As cores da natureza sempre encantaram a humanidade, desde o azul do céu e dos oceanos até o verde das florestas exuberantes. Os tons dessas paisagens naturais inspiraram pinturas, como A noite estrelada de Van Gogh, e músicas, como Lilás, do Djavan. No entanto, com as mudanças climáticas aceleradas e intensificadas em todo o mundo pela ação humana, essas cores tão familiares estão passando por transformações sutis e, em alguns casos, perigosas.

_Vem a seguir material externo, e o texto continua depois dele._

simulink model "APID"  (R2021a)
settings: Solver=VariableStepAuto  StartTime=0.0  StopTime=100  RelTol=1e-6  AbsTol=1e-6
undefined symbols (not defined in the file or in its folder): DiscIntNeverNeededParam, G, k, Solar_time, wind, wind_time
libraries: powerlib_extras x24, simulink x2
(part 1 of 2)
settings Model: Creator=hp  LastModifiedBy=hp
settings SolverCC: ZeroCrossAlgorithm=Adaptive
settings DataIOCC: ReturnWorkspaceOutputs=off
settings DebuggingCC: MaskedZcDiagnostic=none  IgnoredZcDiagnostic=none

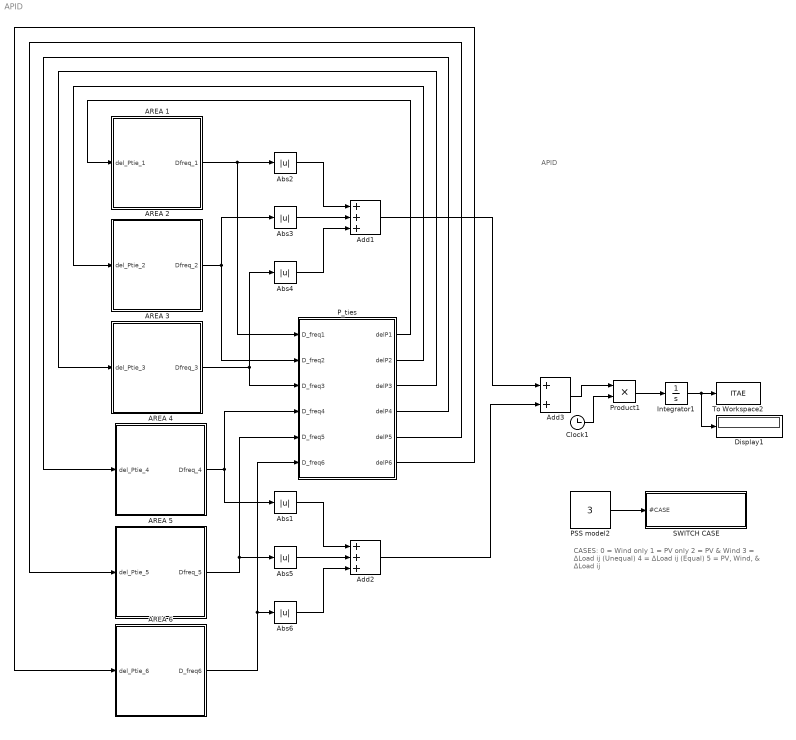
== system APID ==
  note: APID
  note: CASES:
      |
      | 0 = Wind only
      | 1 = PV only
      | 2 = PV & Wind
      | 3 = ΔLoad ij (Unequal)
      | 4 = ΔLoad ij (Equal)
      | 5 = PV, Wind, & ΔLoad ij
  AREA 1 : Subsystem
  AREA 2 : Subsystem
  AREA 3 : Subsystem
  AREA 4 : Subsystem
  AREA 5 : Subsystem
  AREA 6 : Subsystem
  Abs{1..6} (6 alike) : Abs
  Add1 : Sum  Inputs=+++
  Add2 : Sum  Inputs=+++
  Add3 : Sum
  Clock1 : Clock
  Display1 : Display
  Integrator1 : Integrator
  PSS model2 : Constant  Value=3
  P_ties : Subsystem
  Product1 : Product
  SWITCH CASE : Subsystem
  To Workspace2 : ToWorkspace  VariableName=ITAE  SampleTime=-1
      settings: Save2DSignal=2-D array (concatenate along first dimension)
  wires:
  P_ties/1(delP1) -> AREA 1/1(del_Ptie_1)
  Abs2/1 -> Add1/1
  AREA 1/1(Dfreq_1) -> P_ties/1(D_freq1), Abs2/1
  Abs4/1 -> Add1/3
  Abs3/1 -> Add1/2
  P_ties/5(delP5) -> AREA 5/1(del_Ptie_5)
  P_ties/4(delP4) -> AREA 4/1(del_Ptie_4)
  Clock1/1 -> Product1/2
  P_ties/6(delP6) -> AREA 6/1(del_Ptie_6)
  P_ties/2(delP2) -> AREA 2/1(del_Ptie_2)
  AREA 3/1(Dfreq_3) -> P_ties/3(D_freq3), Abs4/1
  Product1/1 -> Integrator1/1
  AREA 2/1("Dfreq_2   ") -> P_ties/2(D_freq2), Abs3/1
  Integrator1/1 -> To Workspace2/1, Display1/1
  P_ties/3(delP3) -> AREA 3/1(del_Ptie_3)
  Abs5/1 -> Add2/2
  Abs6/1 -> Add2/3
  Abs1/1 -> Add2/1
  AREA 4/1(Dfreq_4) -> Abs1/1, P_ties/4(D_freq4)
  AREA 5/1(Dfreq_5) -> P_ties/5(D_freq5), Abs5/1
  AREA 6/1(D_freq6) -> P_ties/6(D_freq6), Abs6/1
  Add3/1 -> Product1/1
  Add1/1 -> Add3/1
  Add2/1 -> Add3/2
  PSS model2/1 -> SWITCH CASE/1(#CASE)

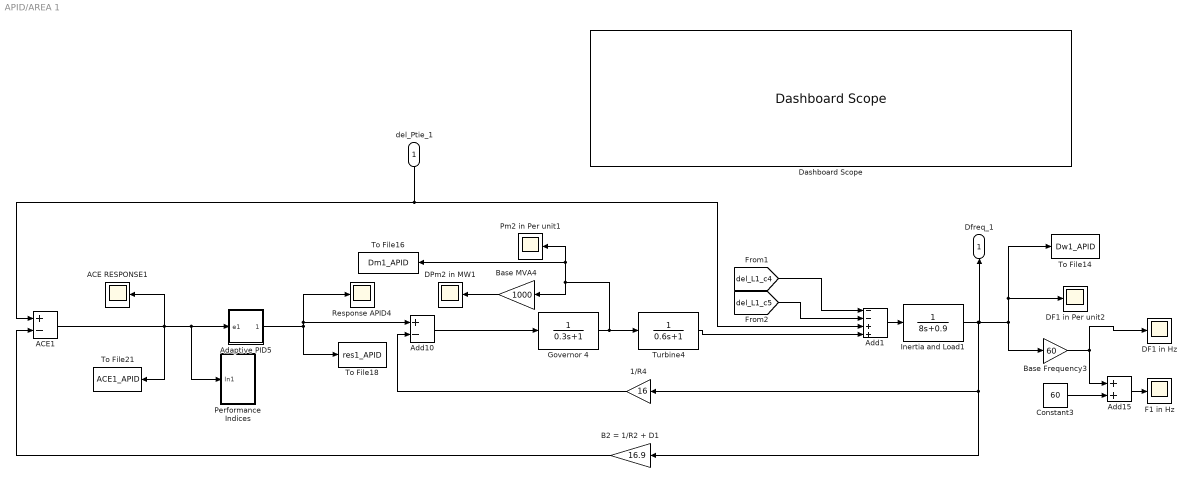
== system APID/AREA 1 ==
  del_Ptie_1 : Inport
  1/R4 : Gain  Gain=16
  ACE RESPONSE1 : Scope
  ACE1 : Sum  Inputs=+-
  Adaptive PID5 : Subsystem  mask{gamma=k}
  Add1 : Sum  Inputs=--++
  Add10 : Sum  Inputs=+-
  Add15 : Sum
  B2 = 1/R2 + D1 : Gain  Gain=16.9
  Base Frequency3 : Gain  Gain=60
  Base MVA4 : Gain  Gain=1000
  Constant3 : Constant  Value=60
  DF1 in Hz : Scope
  DF1 in Per unit2 : Scope
  DPm2 in MW1 : Scope
  Dashboard Scope : DashboardScope
  F1 in Hz : Scope
  Governor 4 : TransferFcn  Denominator=[0.3 1]
  Inertia and Load1 : TransferFcn  Denominator=[8 0.9]
  Performance Indices : Subsystem
  Pm2 in Per unit1 : Scope
  Response APID4 : Scope
  To File14 : ToFile  Filename=Dw1_APID  MatrixName=Dw1_APID
  To File16 : ToFile  Filename=Dm1_APID  MatrixName=Dm1_APID
  To File18 : ToFile  Filename=res1_APID  MatrixName=res1_APID
  To File21 : ToFile  Filename=ACE1_APID  MatrixName=ACE1_APID
  Turbine4 : TransferFcn  Denominator=[0.6 1]
  Dfreq_1 : Outport
  wires:
  Base Frequency3/1 -> DF1 in Hz/1, Add15/1
  Add1/1 -> Inertia and Load1/1
  1/R4/1 -> Add10/2
  Add15/1 -> F1 in Hz/1
  B2 = 1/R2 + D1/1 -> ACE1/2
  Governor 4/1 -> To File16/1, Pm2 in Per unit1/1, Base MVA4/1, Turbine4/1
  Inertia and Load1/1 -> Base Frequency3/1, To File14/1, DF1 in Per unit2/1, Dfreq_1/1, 1/R4/1, B2 = 1/R2 + D1/1
  Base MVA4/1 -> DPm2 in MW1/1
  ACE1/1 -> Adaptive PID5/1(e1), Performance Indices/1(In1), To File21/1, ACE RESPONSE1/1
  Adaptive PID5/1(u(t)) -> Response APID4/1, Add10/1, To File18/1
  Constant3/1 -> Add15/2
  Add10/1 -> Governor 4/1
  [del_L1_c5] -> Add1/2
  Turbine4/1 -> Add1/4
  del_Ptie_1/1 -> ACE1/1, Add1/3
  [del_L1_c4] -> Add1/1

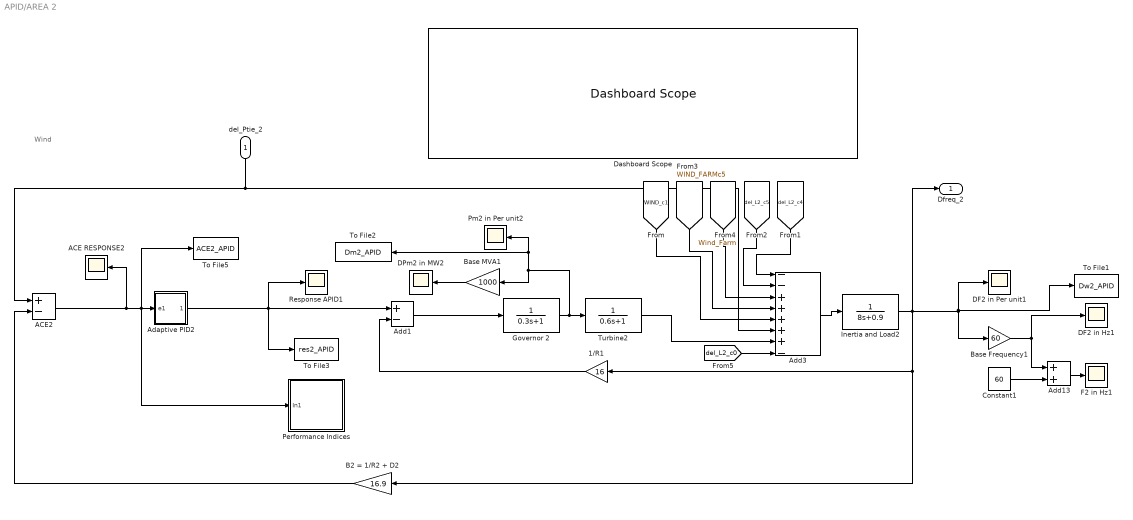
== system APID/AREA 2 ==
  note: Wind
  del_Ptie_2 : Inport
  1/R1 : Gain  Gain=16
  ACE RESPONSE2 : Scope
  ACE2 : Sum  Inputs=+-
  Adaptive PID2 : Subsystem  mask{gamma=k}
  Add1 : Sum  Inputs=+-
  Add13 : Sum
  Add3 : Sum  Inputs=--+++++-
  B2 = 1/R2 + D2 : Gain  Gain=16.9
  Base Frequency1 : Gain  Gain=60
  Base MVA1 : Gain  Gain=1000
  Constant1 : Constant  Value=60
  DF2 in Hz1 : Scope
  DF2 in Per unit1 : Scope
  DPm2 in MW2 : Scope
  Dashboard Scope : DashboardScope
  F2 in Hz1 : Scope
  Governor 2 : TransferFcn  Denominator=[0.3 1]
  Inertia and Load2 : TransferFcn  Denominator=[8 0.9]
  Performance Indices : Subsystem
  Pm2 in Per unit2 : Scope
  Response APID1 : Scope
  To File1 : ToFile  Filename=Dw2_APID  MatrixName=Dw2_APID
  To File2 : ToFile  Filename=Dm2_APID  MatrixName=Dm2_APID
  To File3 : ToFile  Filename=res2_APID  MatrixName=res2_APID
  To File5 : ToFile  Filename=ACE2_APID  MatrixName=ACE2_APID
  Turbine2 : TransferFcn  Denominator=[0.6 1]
  "Dfreq_2   " : Outport
  wires:
  Add13/1 -> F2 in Hz1/1
  1/R1/1 -> Add1/2
  Base Frequency1/1 -> Add13/1, DF2 in Hz1/1
  Constant1/1 -> Add13/2
  Governor 2/1 -> Turbine2/1, Base MVA1/1, To File2/1, Pm2 in Per unit2/1
  Add3/1 -> Inertia and Load2/1
  B2 = 1/R2 + D2/1 -> ACE2/2
  Inertia and Load2/1 -> 1/R1/1, B2 = 1/R2 + D2/1, "Dfreq_2   "/1, DF2 in Per unit1/1, To File1/1, Base Frequency1/1
  Base MVA1/1 -> DPm2 in MW2/1
  ACE2/1 -> Performance Indices/1(In1), Adaptive PID2/1(e1), To File5/1, ACE RESPONSE2/1
  Add1/1 -> Governor 2/1
  Adaptive PID2/1(u(t)) -> Add1/1, Response APID1/1, To File3/1
  Turbine2/1 -> Add3/7
  [del_L2_c5] -> Add3/2
  del_Ptie_2/1 -> Add3/6, ACE2/1
  [WIND_FARMc5] -> Add3/4
  [WIND_c1] -> Add3/5
  [Wind_Farm] -> Add3/3
  [del_L2_c4] -> Add3/1
  [del_L2_c0] -> Add3/8

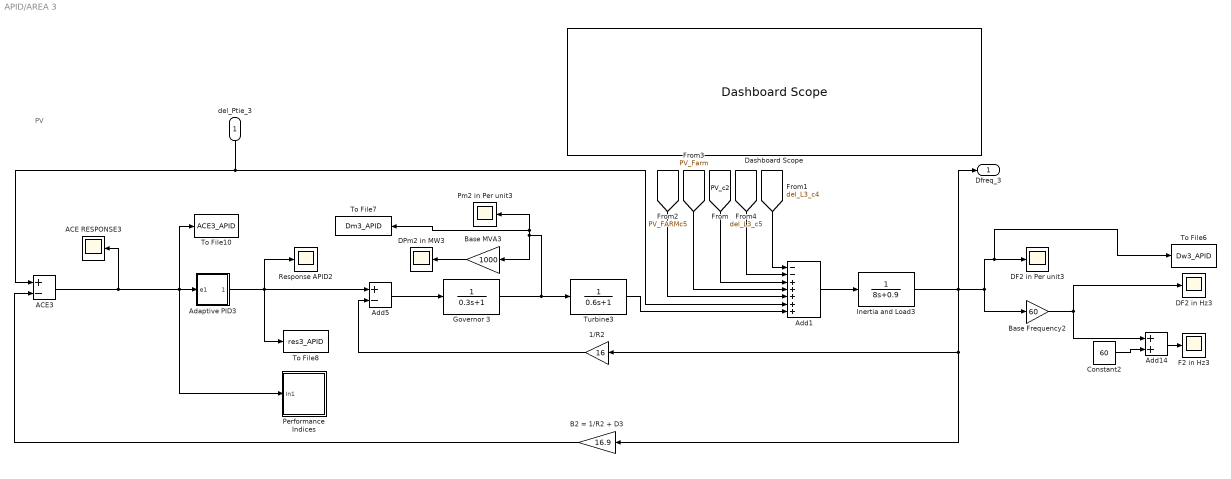
== system APID/AREA 3 ==
  note: PV
  del_Ptie_3 : Inport
  1/R2 : Gain  Gain=16
  ACE RESPONSE3 : Scope
  ACE3 : Sum  Inputs=+-
  Adaptive PID3 : Subsystem  mask{gamma=k}
  Add1 : Sum  Inputs=--+++++
  Add14 : Sum
  Add5 : Sum  Inputs=+-
  B2 = 1/R2 + D3 : Gain  Gain=16.9
  Base Frequency2 : Gain  Gain=60
  Base MVA3 : Gain  Gain=1000
  Constant2 : Constant  Value=60
  DF2 in Hz3 : Scope
  DF2 in Per unit3 : Scope
  DPm2 in MW3 : Scope
  Dashboard Scope : DashboardScope
  F2 in Hz3 : Scope
  Governor 3 : TransferFcn  Denominator=[0.3 1]
  Inertia and Load3 : TransferFcn  Denominator=[8 0.9]
  Performance Indices : Subsystem
  Pm2 in Per unit3 : Scope
  Response APID2 : Scope
  To File10 : ToFile  Filename=ACE3_APID  MatrixName=ACE3_APID
  To File6 : ToFile  Filename=Dw3_APID  MatrixName=Dw3_APID
  To File7 : ToFile  Filename=Dm3_APID  MatrixName=Dm3_APID
  To File8 : ToFile  Filename=res3_APID  MatrixName=res3_APID
  Turbine3 : TransferFcn  Denominator=[0.6 1]
  Dfreq_3 : Outport
  wires:
  Constant2/1 -> Add14/2
  Base MVA3/1 -> DPm2 in MW3/1
  Base Frequency2/1 -> Add14/1, DF2 in Hz3/1
  B2 = 1/R2 + D3/1 -> ACE3/2
  Add1/1 -> Inertia and Load3/1
  Add14/1 -> F2 in Hz3/1
  1/R2/1 -> Add5/2
  Governor 3/1 -> Turbine3/1, Base MVA3/1, To File7/1, Pm2 in Per unit3/1
  ACE3/1 -> Performance Indices/1(In1), To File10/1, Adaptive PID3/1(e1), ACE RESPONSE3/1
  Adaptive PID3/1(u(t)) -> Response APID2/1, Add5/1, To File8/1
  Add5/1 -> Governor 3/1
  Inertia and Load3/1 -> Dfreq_3/1, Base Frequency2/1, To File6/1, DF2 in Per unit3/1, B2 = 1/R2 + D3/1, 1/R2/1
  [PV_FARMc5] -> Add1/5
  Turbine3/1 -> Add1/7
  [del_L3_c5] -> Add1/2
  [del_L3_c4] -> Add1/1
  del_Ptie_3/1 -> Add1/6, ACE3/1
  [PV_c2] -> Add1/3
  [PV_Farm] -> Add1/4

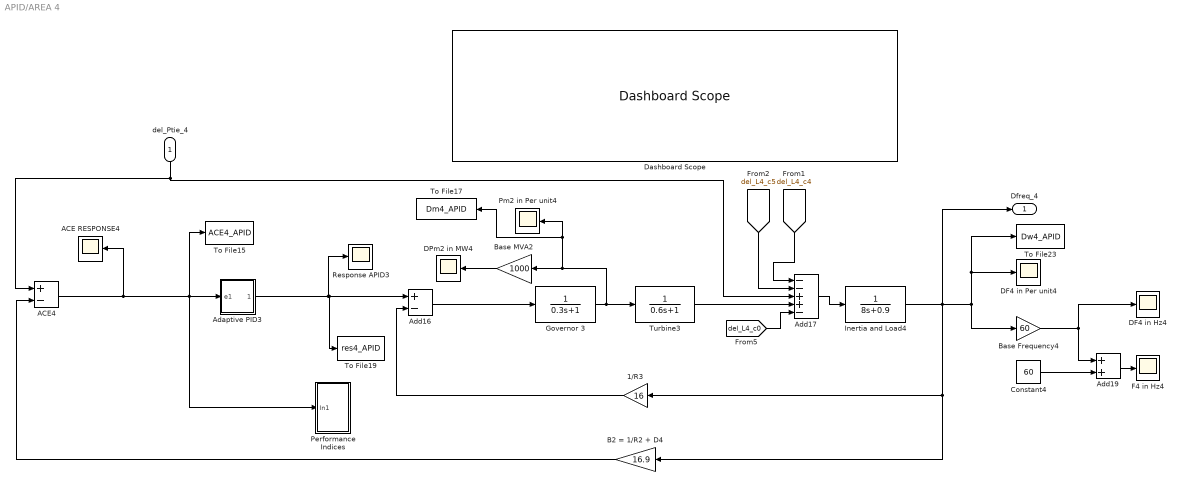
== system APID/AREA 4 ==
  del_Ptie_4 : Inport
  1/R3 : Gain  Gain=16
  ACE RESPONSE4 : Scope
  ACE4 : Sum  Inputs=+-
  Adaptive PID3 : Subsystem  mask{gamma=k}
  Add16 : Sum  Inputs=+-
  Add17 : Sum  Inputs=--++-
  Add19 : Sum
  B2 = 1/R2 + D4 : Gain  Gain=16.9
  Base Frequency4 : Gain  Gain=60
  Base MVA2 : Gain  Gain=1000
  Constant4 : Constant  Value=60
  DF4 in Hz4 : Scope
  DF4 in Per unit4 : Scope
  DPm2 in MW4 : Scope
  Dashboard Scope : DashboardScope
  F4 in Hz4 : Scope
  Governor 3 : TransferFcn  Denominator=[0.3 1]
  Inertia and Load4 : TransferFcn  Denominator=[8 0.9]
  Performance Indices : Subsystem
  Pm2 in Per unit4 : Scope
  Response APID3 : Scope
  To File15 : ToFile  Filename=ACE4_APID  MatrixName=ACE4_APID
  To File17 : ToFile  Filename=Dm4_APID  MatrixName=Dm4_APID
  To File19 : ToFile  Filename=res4_APID  MatrixName=res4_APID
  To File23 : ToFile  Filename=Dw4_APID  MatrixName=Dw4_APID
  Turbine3 : TransferFcn  Denominator=[0.6 1]
  Dfreq_4 : Outport
  wires:
  Add17/1 -> Inertia and Load4/1
  Add19/1 -> F4 in Hz4/1
  Constant4/1 -> Add19/2
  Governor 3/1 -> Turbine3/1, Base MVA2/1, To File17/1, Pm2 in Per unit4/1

As alterações nos padrões climáticos têm impactos significativos na composição dos ecossistemas e nos ciclos naturais, influenciando diretamente a pigmentação e tonalidade de várias coisas na natureza. As mudanças na concentração de gases de efeito estufa na atmosfera são resultado do aumento insustentável das emissões causadas pelo ser humano. O biólogo e doutor em botânica, Francisco Soares, esclarece que o efeito estufa, quando regulado, não é o grande vilão, pois é um fenômeno natural e essencial para a sobrevivência de diversas espécies. Sem ele, a temperatura média do planeta seria muito baixa.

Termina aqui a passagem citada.